I don't hate women, but I recognize that generally speaking, women are much more in touch with modern times than most men are. Women recognize the power they have and are exercising that power to attain happiness. Men in general, not so much. Hence the number of devastated men following divorce, especially from WAW syndrome. We can't seem to accept that reality of modern life and are devastated when women leave.

We as men do little to protect our selves. I am not advocating that men leave their wife, only that they recognize the very real threats that surround them and their marriage. Rather than becoming the domesticated shlubs most of us become, we need to exercise our rights as human beings to be the person we want to become. We are more than the providers depicted in the cartoon.

I for one know I was guilty.


----------



## IIJokerII (Apr 7, 2014)

Ynot said:


> Yes, you are right. Men are often considered misogynistic whenever they stand up for themselves, but that is another "convenient" stereotype that we must address.
> 
> I really wasn't referring to misogynistic men, but men in general. One does not need to hate any one else, especially women to recognize modern realities and to defend their rights.
> 
> ...


 Men are devastate by these so called Walk Away Wives because of how out of the blue they arise. Sure, the women who feel empowered to leave that adhere to this "Condition" can attest to it's actualities, but to men these aspects are trivial, at best... 

I have read countless articles about WAW's and some have advocated some things as minor as leaving a glass on the sink constantly, not taking out the trash when asked, things that are simple, but oh so loathsome that these valiant wives just happened to "Escape" from. Don't get me wrong, I hope a woman who left a cheating, abusive POS takes him to the cleaners and makes his life a living hell, especially since most cases involve woman being duped into binding with these men well before they know their true nature.

But for every so called WAW, there is a "Cheaper to keep her" out there.... If you found a man who left his wife, and in effect broke up a family, cause his wife didn't make his favorite meal, or leave the remote on the Coffee able, or just is plain old undesirable to be with, you'd have a public outcry and general consensus that this man is lame, weak, and unable to accept his Wife for who she is, faults and all..

For the most part the common American man, and by default Husbands, are faced with being insidiously emasculated by the Media, social expectations and most relationships fall into this cycle.. If a man act's like a man, he's is an A55hole, and it's a reason to leave... If he act's just like the man his Wife want's him to be, he is lame, unexciting and she leaves for a "Real" man...
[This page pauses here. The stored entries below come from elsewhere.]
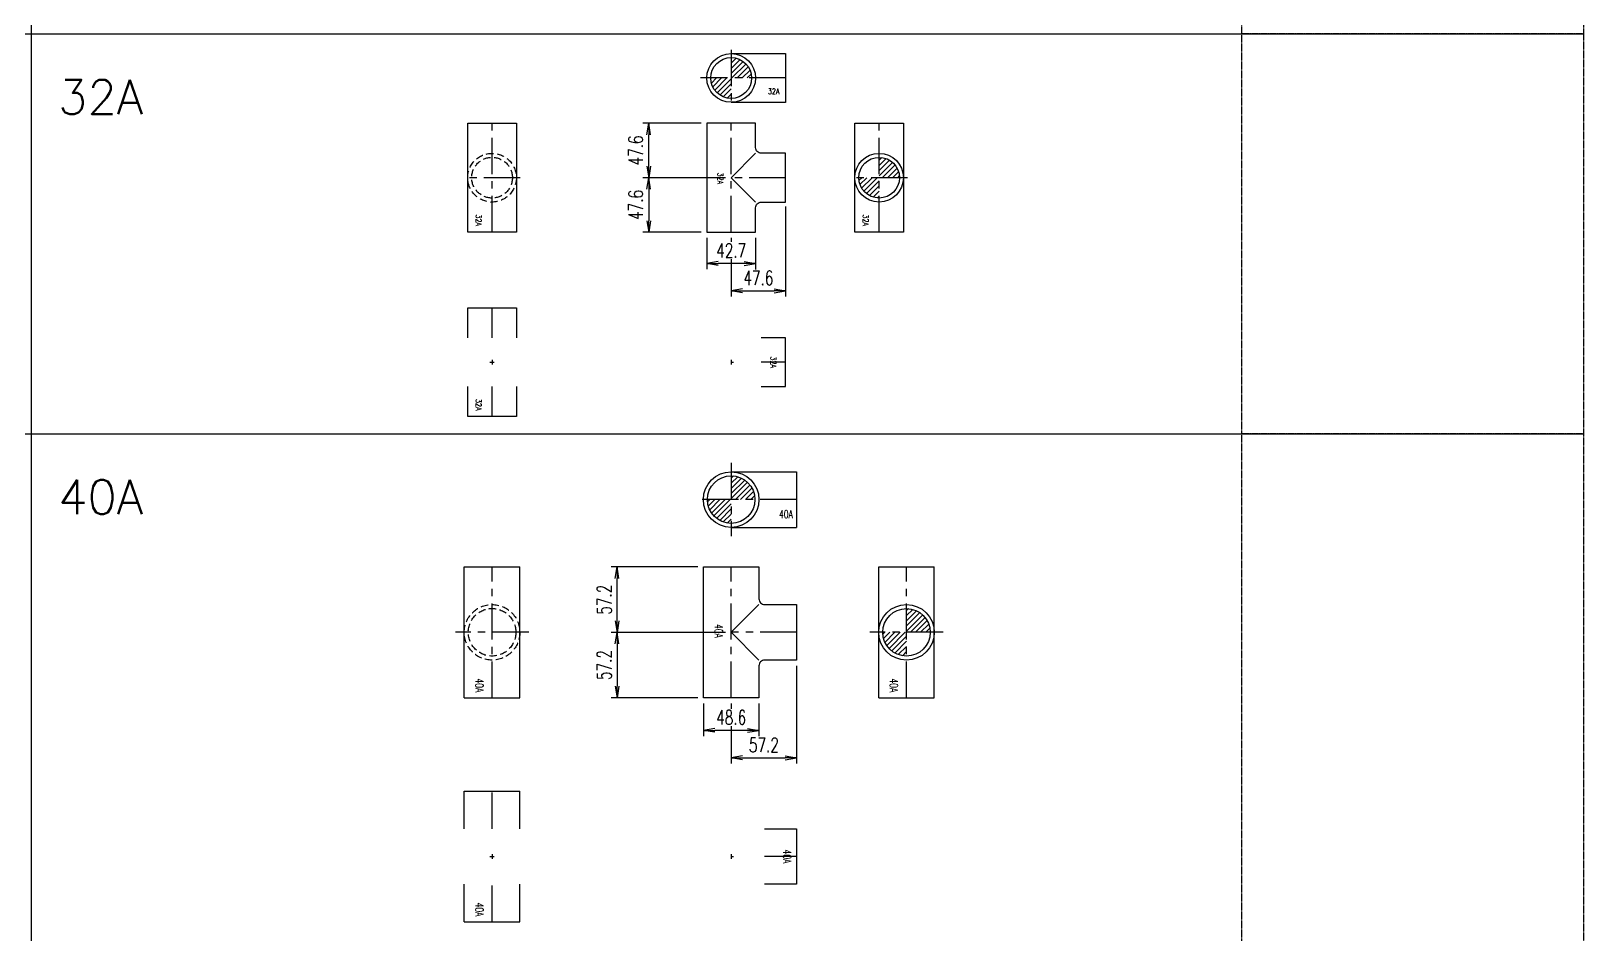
# Model space of a CAD drawing. Header units: millimetres. Extents: x 2090 to 42062, y -14812 to 2738.
# Drawn here: x 6967 to 8325, y 209 to 1000 of the extents above; entities that cross this region are included whole.
import ezdxf

# ---------------------------------------------------------------- set-up
doc = ezdxf.new("R2010")
doc.units = ezdxf.units.MM
doc.header["$PDMODE"] = 35
for name, pattern in [('CENTER', [50.8, 31.75, -6.35, 6.35, -6.35]), ('CENTER2', [1.125, 0.75, -0.125, 0.125, -0.125]), ('HIDDEN', [9.525, 6.35, -3.175])]:
    doc.linetypes.add(name, pattern=pattern)
for name, color, linetype in [('#配管（SUS)', 220, 'Continuous'), ('DIM', 1, 'Continuous'), ('skeleton', 7, 'Continuous')]:
    doc.layers.add(name, color=color, linetype=linetype)
doc.styles.add('kpk', font='romans.shx', dxfattribs={"width": 0.7, "bigfont": 'extfont2.shx'})
doc.styles.get("Standard").update_dxf_attribs({"font": 'romans.shx', "bigfont": 'extfont.shx'})
doc.dimstyles.new('1／5～KPK', dxfattribs={"dimscale": 5, "dimtxt": 2.5, "dimasz": 2, "dimexe": 1, "dimexo": 1, "dimgap": 1, "dimtad": 3, "dimdsep": 46, "dimtxsty": 'kpk', "dimblk": 'OPEN', "dimcen": 2.5, "dimclrd": 9, "dimclre": 9, "dimclrt": 4, "dimadec": 1, "dimazin": 2, "dimtfac": 1, "dimtmove": 0, "dimatfit": 2, "dimldrblk": 'OPEN', "dimfxl": 1, "dimtfill": 1, "dimlwd": -1, "dimlwe": -1, "dimarcsym": 1})

# ---------------------------------------------------------------- blocks, each defined once
blk = doc.blocks.new('_Open')
at = {"color": 0, "linetype": 'ByBlock', "lineweight": -2}
for p, q in [((-1, 0.17), (0, 0)), ((-1, -0.17), (0, 0)), ((0, 0), (-1, 0))]:
    blk.add_line(p, q, dxfattribs=at)
blk = doc.blocks.new('*D217')
at = {"layer": 'Defpoints', "color": 0, "linetype": 'ByBlock', "transparency": 16777216}
for p in [(7626.9, 851.5), (7579.3, 824), (7626.9, 772.6)]:
    blk.add_point(p, dxfattribs=at)
at = {"layer": 'DIM', "color": 9, "transparency": 16777216}
for p, q in [((7626.9, 846.5), (7626.9, 767.6)), ((7579.3, 819), (7579.3, 767.6)), ((7589.3, 772.6), (7616.9, 772.6))]:
    blk.add_line(p, q, dxfattribs=at)
at = {"layer": 'DIM', "color": 9, "linetype": 'ByBlock', "transparency": 16777216, "xscale": 10, "yscale": 10, "zscale": 10, "rotation": 180}
blk.add_blockref('_Open', (7579.3, 772.6), dxfattribs=at)
at = {"layer": 'DIM', "color": 9, "linetype": 'ByBlock', "transparency": 16777216, "xscale": 10, "yscale": 10, "zscale": 10}
blk.add_blockref('_Open', (7626.9, 772.6), dxfattribs=at)
at = {"layer": 'DIM', "color": 4, "linetype": 'ByBlock', "transparency": 16777216, "insert": (7603.1, 783.9), "char_height": 12.5, "attachment_point": 5, "style": 'kpk', "bg_fill": 3, "box_fill_scale": 1.1, "bg_fill_color": 256, "bg_fill_true_color": 13158600, "bg_fill_transparency": 0}
blk.add_mtext('47.6', dxfattribs=at)
blk = doc.blocks.new('*D218')
at = {"layer": 'Defpoints', "color": 0, "linetype": 'ByBlock', "transparency": 16777216}
for p in [(7557.9, 824), (7600.6, 824), (7557.9, 796.6)]:
    blk.add_point(p, dxfattribs=at)
at = {"layer": 'DIM', "color": 9, "transparency": 16777216}
for p, q in [((7557.9, 819), (7557.9, 791.6)), ((7600.6, 819), (7600.6, 791.6)), ((7590.6, 796.6), (7567.9, 796.6))]:
    blk.add_line(p, q, dxfattribs=at)
at = {"layer": 'DIM', "color": 9, "linetype": 'ByBlock', "transparency": 16777216, "xscale": 10, "yscale": 10, "zscale": 10, "rotation": 180}
blk.add_blockref('_Open', (7557.9, 796.6), dxfattribs=at)
at = {"layer": 'DIM', "color": 9, "linetype": 'ByBlock', "transparency": 16777216, "xscale": 10, "yscale": 10, "zscale": 10}
blk.add_blockref('_Open', (7600.6, 796.6), dxfattribs=at)
at = {"layer": 'DIM', "color": 4, "linetype": 'ByBlock', "transparency": 16777216, "insert": (7579.3, 807.9), "char_height": 12.5, "attachment_point": 5, "style": 'kpk', "bg_fill": 3, "box_fill_scale": 1.1, "bg_fill_color": 256, "bg_fill_true_color": 13158600, "bg_fill_transparency": 0}
blk.add_mtext('42.7', dxfattribs=at)
blk = doc.blocks.new('*D219')
at = {"layer": 'Defpoints', "color": 0, "linetype": 'ByBlock', "transparency": 16777216}
for p in [(7579.3, 871.6), (7507.1, 824), (7557.9, 824)]:
    blk.add_point(p, dxfattribs=at)
at = {"layer": 'DIM', "color": 9, "transparency": 16777216}
for p, q in [((7574.3, 871.6), (7502.1, 871.6)), ((7507.1, 861.6), (7507.1, 834)), ((7552.9, 824), (7502.1, 824))]:
    blk.add_line(p, q, dxfattribs=at)
at = {"layer": 'DIM', "color": 9, "linetype": 'ByBlock', "transparency": 16777216, "xscale": 10, "yscale": 10, "zscale": 10}
for p, rotation in [((7507.1, 871.6), 90), ((7507.1, 824), 270)]:
    blk.add_blockref('_Open', p, dxfattribs=dict(at, rotation=rotation))
at = {"layer": 'DIM', "color": 4, "linetype": 'ByBlock', "transparency": 16777216, "insert": (7495.8, 847.8), "char_height": 12.5, "attachment_point": 5, "rotation": 90, "style": 'kpk', "bg_fill": 3, "box_fill_scale": 1.1, "bg_fill_color": 256, "bg_fill_true_color": 13158600, "bg_fill_transparency": 0}
blk.add_mtext('47.6', dxfattribs=at)
blk = doc.blocks.new('*D220')
at = {"layer": 'Defpoints', "color": 0, "linetype": 'ByBlock', "transparency": 16777216}
for p in [(7507.1, 919.2), (7557.9, 919.2), (7579.3, 871.6)]:
    blk.add_point(p, dxfattribs=at)
at = {"layer": 'DIM', "color": 9, "transparency": 16777216}
for p, q in [((7552.9, 919.2), (7502.1, 919.2)), ((7507.1, 881.6), (7507.1, 909.2)), ((7574.3, 871.6), (7502.1, 871.6))]:
    blk.add_line(p, q, dxfattribs=at)
at = {"layer": 'DIM', "color": 9, "linetype": 'ByBlock', "transparency": 16777216, "xscale": 10, "yscale": 10, "zscale": 10}
for p, rotation in [((7507.1, 919.2), 90), ((7507.1, 871.6), 270)]:
    blk.add_blockref('_Open', p, dxfattribs=dict(at, rotation=rotation))
at = {"layer": 'DIM', "color": 4, "linetype": 'ByBlock', "transparency": 16777216, "insert": (7495.8, 895.4), "char_height": 12.5, "attachment_point": 5, "rotation": 90, "style": 'kpk', "bg_fill": 3, "box_fill_scale": 1.1, "bg_fill_color": 256, "bg_fill_true_color": 13158600, "bg_fill_transparency": 0}
blk.add_mtext('47.6', dxfattribs=at)
blk = doc.blocks.new('*D221')
at = {"layer": 'Defpoints', "color": 0, "linetype": 'ByBlock', "transparency": 16777216}
for p in [(7479.4, 531), (7555, 531), (7579.3, 473.8)]:
    blk.add_point(p, dxfattribs=at)
at = {"layer": 'DIM', "color": 9, "transparency": 16777216}
for p, q in [((7550, 531), (7474.4, 531)), ((7479.4, 483.8), (7479.4, 521)), ((7574.3, 473.8), (7474.4, 473.8))]:
    blk.add_line(p, q, dxfattribs=at)
at = {"layer": 'DIM', "color": 9, "linetype": 'ByBlock', "transparency": 16777216, "xscale": 10, "yscale": 10, "zscale": 10}
for p, rotation in [((7479.4, 531), 90), ((7479.4, 473.8), 270)]:
    blk.add_blockref('_Open', p, dxfattribs=dict(at, rotation=rotation))
at = {"layer": 'DIM', "color": 4, "linetype": 'ByBlock', "transparency": 16777216, "insert": (7468.2, 502.4), "char_height": 12.5, "attachment_point": 5, "rotation": 90, "style": 'kpk', "bg_fill": 3, "box_fill_scale": 1.1, "bg_fill_color": 256, "bg_fill_true_color": 13158600, "bg_fill_transparency": 0}
blk.add_mtext('57.2', dxfattribs=at)
blk = doc.blocks.new('*D222')
at = {"layer": 'Defpoints', "color": 0, "linetype": 'ByBlock', "transparency": 16777216}
for p in [(7579.3, 473.8), (7479.4, 416.6), (7555, 416.6)]:
    blk.add_point(p, dxfattribs=at)
at = {"layer": 'DIM', "color": 9, "transparency": 16777216}
for p, q in [((7574.3, 473.8), (7474.4, 473.8)), ((7479.4, 463.8), (7479.4, 426.6)), ((7550, 416.6), (7474.4, 416.6))]:
    blk.add_line(p, q, dxfattribs=at)
at = {"layer": 'DIM', "color": 9, "linetype": 'ByBlock', "transparency": 16777216, "xscale": 10, "yscale": 10, "zscale": 10}
for p, rotation in [((7479.4, 473.8), 90), ((7479.4, 416.6), 270)]:
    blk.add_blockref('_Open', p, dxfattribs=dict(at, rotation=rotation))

I'd say entitlement, consumerism and people general lack of wanting to focus effort on anything these day's attributes to this indifference of a marriage failing, "Who care's, I can just get a NEW one"....


----------



## Ynot (Aug 26, 2014)

IIJokerII said:


> Men are devastate by these so called Walk Away Wives because of how out of the blue they arise. Sure, the women who feel empowered to leave that adhere to this "Condition" can attest to it's actualities, but to men these aspects are trivial, at best...
> 
> I have read countless articles about WAW's and some have advocated some things as minor as leaving a glass on the sink constantly, not taking out the trash when asked, things that are simple, but oh so loathsome that these valiant wives just happened to "Escape" from. Don't get me wrong, I hope a woman who left a cheating, abusive POS takes him to the cleaners and makes his life a living hell, especially since most cases involve woman being duped into binding with these men well before they know their true nature.
> 
> ...


First off I should say that many of the reasons you cited that WAWs use as they leave are just excuses for some real underlying issues which are not being addressed. I sincerely doubt that anyone walks away simply because of a glass left in the sink.
Secondly, though I would agree with you that many men are left devastated by a WAW, precisely because of the later points you made. A large part of that problem is a result of the fact that men are not organized in any meaningful way. And yes, that is a result of how we have been conditioned to live as men in modern America.
Few men, have any real life bonding with other men. We may golf together and gossip about wives, and such. But generally we have been conditioned to be solitary creatures cut off from other men. We often set ourselves up as being different from other men. 
We, as men, have been conditioned from birth to behave as we do.
Read the book "Iron John" if you would like to hear about how much our social conditioning has changed in the past 100 years or so.
Until we recognize the failure of the current conditioning, we will never be able teach our sons (and daughters) the real value of a man.
A man doesn't have to be a jerk, an Alpha, or a misogynist. But he must realize that he is a real human being with real value.


----------



## IIJokerII (Apr 7, 2014)

Ynot said:


> First off I should say that many of the reasons you cited that WAWs use as they leave are just excuses for some real underlying issues which are not being addressed. I sincerely doubt that anyone walks away simply because of a glass left in the sink.
> Secondly, though I would agree with you that many men are left devastated by a WAW, precisely because of the later points you made. A large part of that problem is a result of the fact that men are not organized in any meaningful way. And yes, that is a result of how we have been conditioned to live as men in modern America.
> Few men, have any real life bonding with other men. We may golf together and gossip about wives, and such. But generally we have been conditioned to be solitary creatures cut off from other men. We often set ourselves up as being different from other men.
> We, as men, have been conditioned from birth to behave as we do.
> ...


 I am not disagreeing with you in the slightest, save for the WAW parts. But the trade off of men bonding and formulating male influenced relationships take time... And time not spent together in a marriage is spent apart, and with this comes the risk of garnishing a opinion from one's wife that he is neglecting her needs, not paying enough attention to her, not being a father enough to their children if they have them, etc. 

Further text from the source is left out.